ABOUT THIS TASK
Return all lines of the records that contain the word "project".
■ ■ ■ ■ ■
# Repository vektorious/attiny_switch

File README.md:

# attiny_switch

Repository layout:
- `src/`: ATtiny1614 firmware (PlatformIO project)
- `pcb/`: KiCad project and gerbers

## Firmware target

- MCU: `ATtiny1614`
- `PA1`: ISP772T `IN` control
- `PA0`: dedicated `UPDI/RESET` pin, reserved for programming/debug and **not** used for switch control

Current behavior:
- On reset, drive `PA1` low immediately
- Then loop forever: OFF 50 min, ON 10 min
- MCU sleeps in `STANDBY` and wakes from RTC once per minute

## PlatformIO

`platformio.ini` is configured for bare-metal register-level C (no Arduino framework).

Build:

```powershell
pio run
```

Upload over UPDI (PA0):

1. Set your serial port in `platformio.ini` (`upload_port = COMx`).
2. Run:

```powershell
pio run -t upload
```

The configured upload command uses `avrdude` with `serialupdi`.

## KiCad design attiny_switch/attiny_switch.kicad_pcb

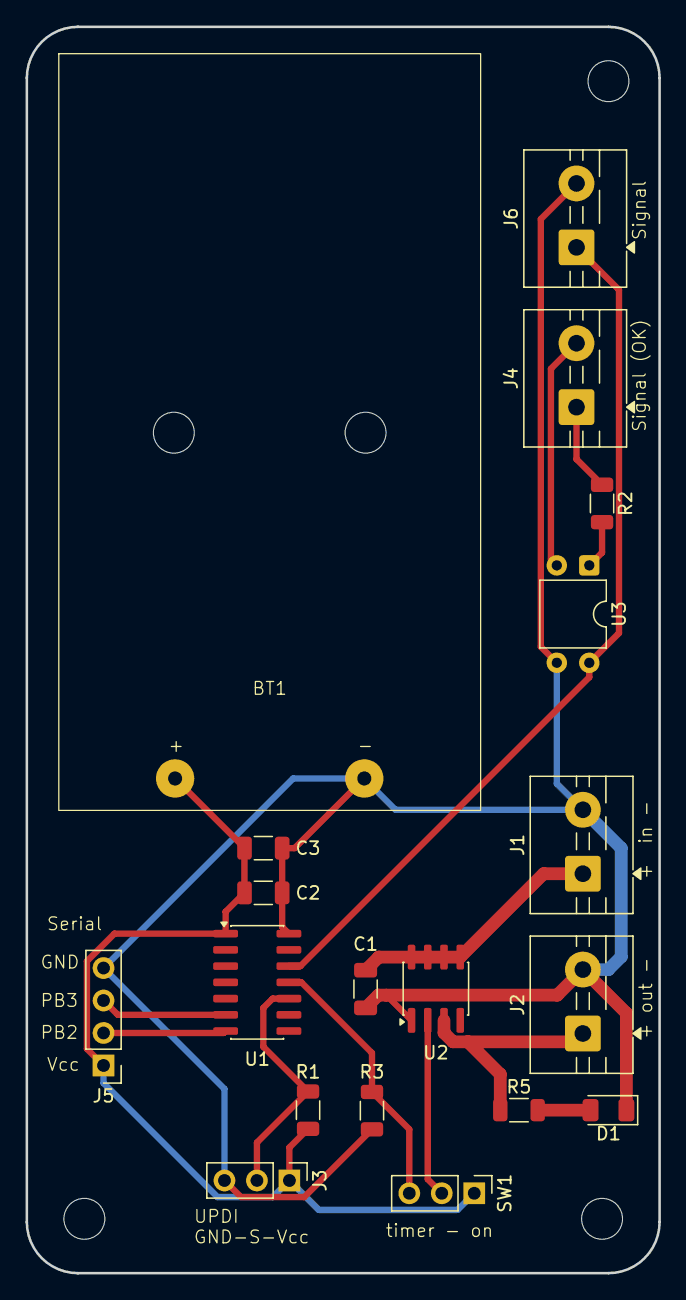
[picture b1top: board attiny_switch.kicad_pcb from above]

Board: 2 copper layers, 49.5 x 97.5 mm, 22 parts (0 on the bottom side), 14 nets.

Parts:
BT1: Battery_Cell; Untitled
C1, C2: 100nF; C_1206_3216Metric
C3: 10uF; C_1206_3216Metric
D1: LED; LED_1206_3216Metric
H1, H2, H3: MountingHole; MountingHole_3.2mm_M3
J1: 12V in; TerminalBlock_MaiXu_MX126-5.0-02P_1x02_P5.00mm
J2: 12V out; TerminalBlock_MaiXu_MX126-5.0-02P_1x02_P5.00mm
J3: UPDI Connector; PinHeader_1x03_P2.54mm_Vertical
J4: RPI Signal (OK); TerminalBlock_MaiXu_MX126-5.0-02P_1x02_P5.00mm
J5: Serial Connector; PinHeader_1x04_P2.54mm_Vertical
J6: RPI Signal; TerminalBlock_MaiXu_MX126-5.0-02P_1x02_P5.00mm
R1: 4,7k; R_1206_3216Metric
R2: 1k87; R_1206_3216Metric
R3: 100k; R_1206_3216Metric
R5: 7,5k; R_1206_3216Metric
SW1: SW_DPDT_x2; PinHeader_1x03_P2.54mm_Vertical
U1: ATtiny1614-SS; SOIC-14_3.9x8.7mm_P1.27mm
U2: ISP772T; SOIC-8_3.9x4.9mm_P1.27mm
U3: Optocoupler; DIP-4_W7.62mm

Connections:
GND: BT1.2 (-), C1.2, C2.1, C3.2, D1.1 (K), J1.2, J2.2, J3.3, J5.4, J6.2, R3.1, U1.14 (GND), U2.1 (GND), U3.3
unnamed: BT1.1 (+), C2.2, C3.1, J3.1, J5.1, R1.1, SW1.1 (A), U1.1 (VCC)
unnamed: D1.2 (A), R5.2
unnamed: C1.1, J1.1, U2.5 (VBB_1), U2.6 (VBB_2), U2.7 (VBB_3), U2.8 (VBB_4)
unnamed: J2.1, R5.1, U2.3 (OUT)
unnamed: J3.2, R1.2, U1.10 (~RESET/PA0)
unnamed: J4.1, R2.1
unnamed: J4.2, U3.2
unnamed: J5.2, U1.7 (PB2)
unnamed: J5.3, U1.6 (PB3)
unnamed: J6.1, U1.12 (PA2), U3.4
unnamed: R2.2, U3.1
unnamed: SW1.2 (B), U2.2 (IN)
unnamed: R3.2, SW1.3 (C), U1.11 (PA1)

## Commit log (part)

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2026-03-08 PCB rev1
2026-03-09 added code
2026-05-03 Save local changes before system wipe
■ ■ ■ ■ ■
ANSWER TO THIS EXERCISE
- `src/`: ATtiny1614 firmware (PlatformIO project)
- `pcb/`: KiCad project and gerbers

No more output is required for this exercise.